* _Try it_
From the line containing "#98=EDGE_CURVE('E202',#97,#97,#95,.T.);" to the last line of the listing below, repeat every line exactly, and output nothing else.
○ ○ ○ ○
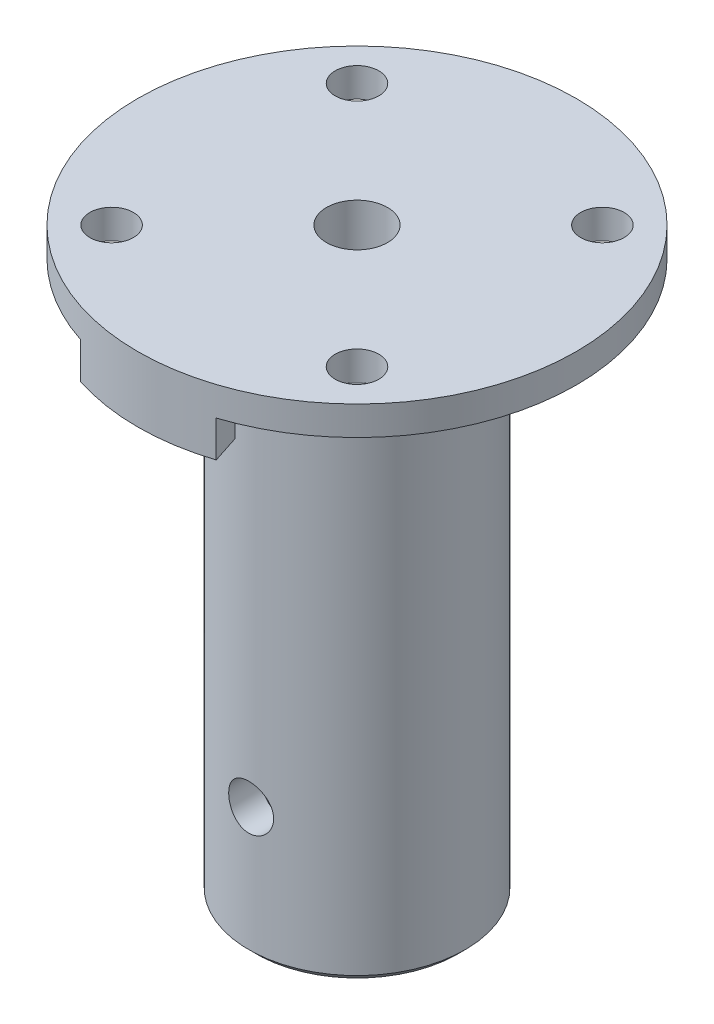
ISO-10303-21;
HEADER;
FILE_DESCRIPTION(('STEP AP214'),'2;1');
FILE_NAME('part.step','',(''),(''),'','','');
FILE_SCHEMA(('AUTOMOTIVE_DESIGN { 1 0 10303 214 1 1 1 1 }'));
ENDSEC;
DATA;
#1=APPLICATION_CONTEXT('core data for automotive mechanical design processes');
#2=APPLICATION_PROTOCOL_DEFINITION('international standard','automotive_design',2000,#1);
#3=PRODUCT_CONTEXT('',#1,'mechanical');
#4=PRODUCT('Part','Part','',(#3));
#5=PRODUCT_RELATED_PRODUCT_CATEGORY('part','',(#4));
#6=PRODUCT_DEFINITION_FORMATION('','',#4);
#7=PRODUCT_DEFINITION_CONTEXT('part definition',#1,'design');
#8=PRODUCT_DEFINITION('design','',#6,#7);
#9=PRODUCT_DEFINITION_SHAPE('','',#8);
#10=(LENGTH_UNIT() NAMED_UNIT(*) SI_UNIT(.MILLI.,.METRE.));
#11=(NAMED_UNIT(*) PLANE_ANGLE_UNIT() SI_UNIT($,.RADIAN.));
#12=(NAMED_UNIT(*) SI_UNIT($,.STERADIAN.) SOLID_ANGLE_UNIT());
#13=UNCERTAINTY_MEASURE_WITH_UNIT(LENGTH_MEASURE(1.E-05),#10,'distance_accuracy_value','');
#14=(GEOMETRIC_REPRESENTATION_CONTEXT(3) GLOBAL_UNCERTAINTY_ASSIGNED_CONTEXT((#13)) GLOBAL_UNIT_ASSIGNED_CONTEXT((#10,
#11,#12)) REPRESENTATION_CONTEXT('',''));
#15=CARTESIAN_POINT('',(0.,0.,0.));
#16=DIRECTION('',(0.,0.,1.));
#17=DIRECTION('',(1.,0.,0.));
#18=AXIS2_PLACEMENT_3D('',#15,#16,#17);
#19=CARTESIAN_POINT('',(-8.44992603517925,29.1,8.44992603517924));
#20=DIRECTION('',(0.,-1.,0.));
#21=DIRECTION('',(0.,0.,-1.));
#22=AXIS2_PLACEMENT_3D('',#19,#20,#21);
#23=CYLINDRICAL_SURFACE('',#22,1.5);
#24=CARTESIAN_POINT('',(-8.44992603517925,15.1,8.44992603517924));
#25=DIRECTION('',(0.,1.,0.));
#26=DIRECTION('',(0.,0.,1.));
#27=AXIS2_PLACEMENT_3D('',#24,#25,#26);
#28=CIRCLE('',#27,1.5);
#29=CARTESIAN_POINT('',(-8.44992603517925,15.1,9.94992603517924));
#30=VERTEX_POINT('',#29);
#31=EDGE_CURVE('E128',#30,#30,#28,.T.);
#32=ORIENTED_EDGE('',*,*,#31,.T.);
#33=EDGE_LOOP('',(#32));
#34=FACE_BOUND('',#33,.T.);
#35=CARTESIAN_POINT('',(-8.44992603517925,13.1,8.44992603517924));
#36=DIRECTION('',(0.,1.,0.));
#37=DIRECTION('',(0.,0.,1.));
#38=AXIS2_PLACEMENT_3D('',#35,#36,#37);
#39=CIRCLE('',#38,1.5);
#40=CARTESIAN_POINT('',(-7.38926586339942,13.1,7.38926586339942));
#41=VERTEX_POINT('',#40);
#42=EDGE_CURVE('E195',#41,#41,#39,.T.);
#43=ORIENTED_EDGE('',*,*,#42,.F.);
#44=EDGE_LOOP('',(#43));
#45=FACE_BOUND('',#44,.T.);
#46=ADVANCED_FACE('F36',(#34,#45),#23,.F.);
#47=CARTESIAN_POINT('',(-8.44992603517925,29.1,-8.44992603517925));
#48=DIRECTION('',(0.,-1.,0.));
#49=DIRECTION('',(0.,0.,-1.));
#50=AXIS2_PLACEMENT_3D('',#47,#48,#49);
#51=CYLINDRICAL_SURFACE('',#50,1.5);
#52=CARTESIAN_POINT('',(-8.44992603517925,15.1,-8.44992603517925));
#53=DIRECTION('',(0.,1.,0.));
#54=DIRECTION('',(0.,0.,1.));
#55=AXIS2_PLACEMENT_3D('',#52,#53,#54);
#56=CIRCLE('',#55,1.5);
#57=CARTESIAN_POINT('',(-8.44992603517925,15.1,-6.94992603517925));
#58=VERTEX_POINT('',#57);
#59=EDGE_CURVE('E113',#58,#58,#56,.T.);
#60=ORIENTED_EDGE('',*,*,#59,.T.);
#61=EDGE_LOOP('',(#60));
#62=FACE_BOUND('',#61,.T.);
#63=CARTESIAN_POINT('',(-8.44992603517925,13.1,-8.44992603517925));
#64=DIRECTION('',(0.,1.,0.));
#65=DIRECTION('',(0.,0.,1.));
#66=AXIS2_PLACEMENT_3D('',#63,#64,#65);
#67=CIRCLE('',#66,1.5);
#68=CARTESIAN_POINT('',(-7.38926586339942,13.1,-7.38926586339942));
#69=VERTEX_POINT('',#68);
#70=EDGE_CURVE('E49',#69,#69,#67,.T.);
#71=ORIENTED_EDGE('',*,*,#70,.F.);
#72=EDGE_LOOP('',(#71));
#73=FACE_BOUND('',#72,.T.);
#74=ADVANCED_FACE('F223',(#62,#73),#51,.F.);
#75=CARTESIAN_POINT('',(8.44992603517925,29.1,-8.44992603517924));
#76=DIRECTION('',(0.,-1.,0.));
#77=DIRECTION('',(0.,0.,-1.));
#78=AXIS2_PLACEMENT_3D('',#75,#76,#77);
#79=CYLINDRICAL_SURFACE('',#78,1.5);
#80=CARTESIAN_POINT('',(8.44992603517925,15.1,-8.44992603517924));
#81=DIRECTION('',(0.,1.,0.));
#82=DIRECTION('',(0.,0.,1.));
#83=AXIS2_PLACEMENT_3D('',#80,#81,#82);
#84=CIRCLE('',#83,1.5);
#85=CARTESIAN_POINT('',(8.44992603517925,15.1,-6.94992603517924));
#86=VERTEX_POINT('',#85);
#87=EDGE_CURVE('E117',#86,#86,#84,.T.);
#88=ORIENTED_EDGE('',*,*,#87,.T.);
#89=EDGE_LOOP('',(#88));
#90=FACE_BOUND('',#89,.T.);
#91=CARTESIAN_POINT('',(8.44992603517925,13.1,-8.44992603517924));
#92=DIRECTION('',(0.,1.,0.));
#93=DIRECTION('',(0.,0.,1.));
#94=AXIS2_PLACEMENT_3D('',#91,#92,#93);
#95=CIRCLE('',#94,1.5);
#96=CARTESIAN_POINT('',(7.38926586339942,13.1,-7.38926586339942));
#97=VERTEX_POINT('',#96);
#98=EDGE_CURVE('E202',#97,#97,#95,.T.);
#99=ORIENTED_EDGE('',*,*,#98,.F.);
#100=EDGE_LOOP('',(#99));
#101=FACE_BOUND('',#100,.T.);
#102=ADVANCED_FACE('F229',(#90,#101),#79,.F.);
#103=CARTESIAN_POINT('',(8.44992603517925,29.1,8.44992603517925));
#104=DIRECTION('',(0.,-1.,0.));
○ ○ ○ ○
* _Reply to the task_
#98=EDGE_CURVE('E202',#97,#97,#95,.T.);
#99=ORIENTED_EDGE('',*,*,#98,.F.);
#100=EDGE_LOOP('',(#99));
#101=FACE_BOUND('',#100,.T.);
#102=ADVANCED_FACE('F229',(#90,#101),#79,.F.);
#103=CARTESIAN_POINT('',(8.44992603517925,29.1,8.44992603517925));
#104=DIRECTION('',(0.,-1.,0.));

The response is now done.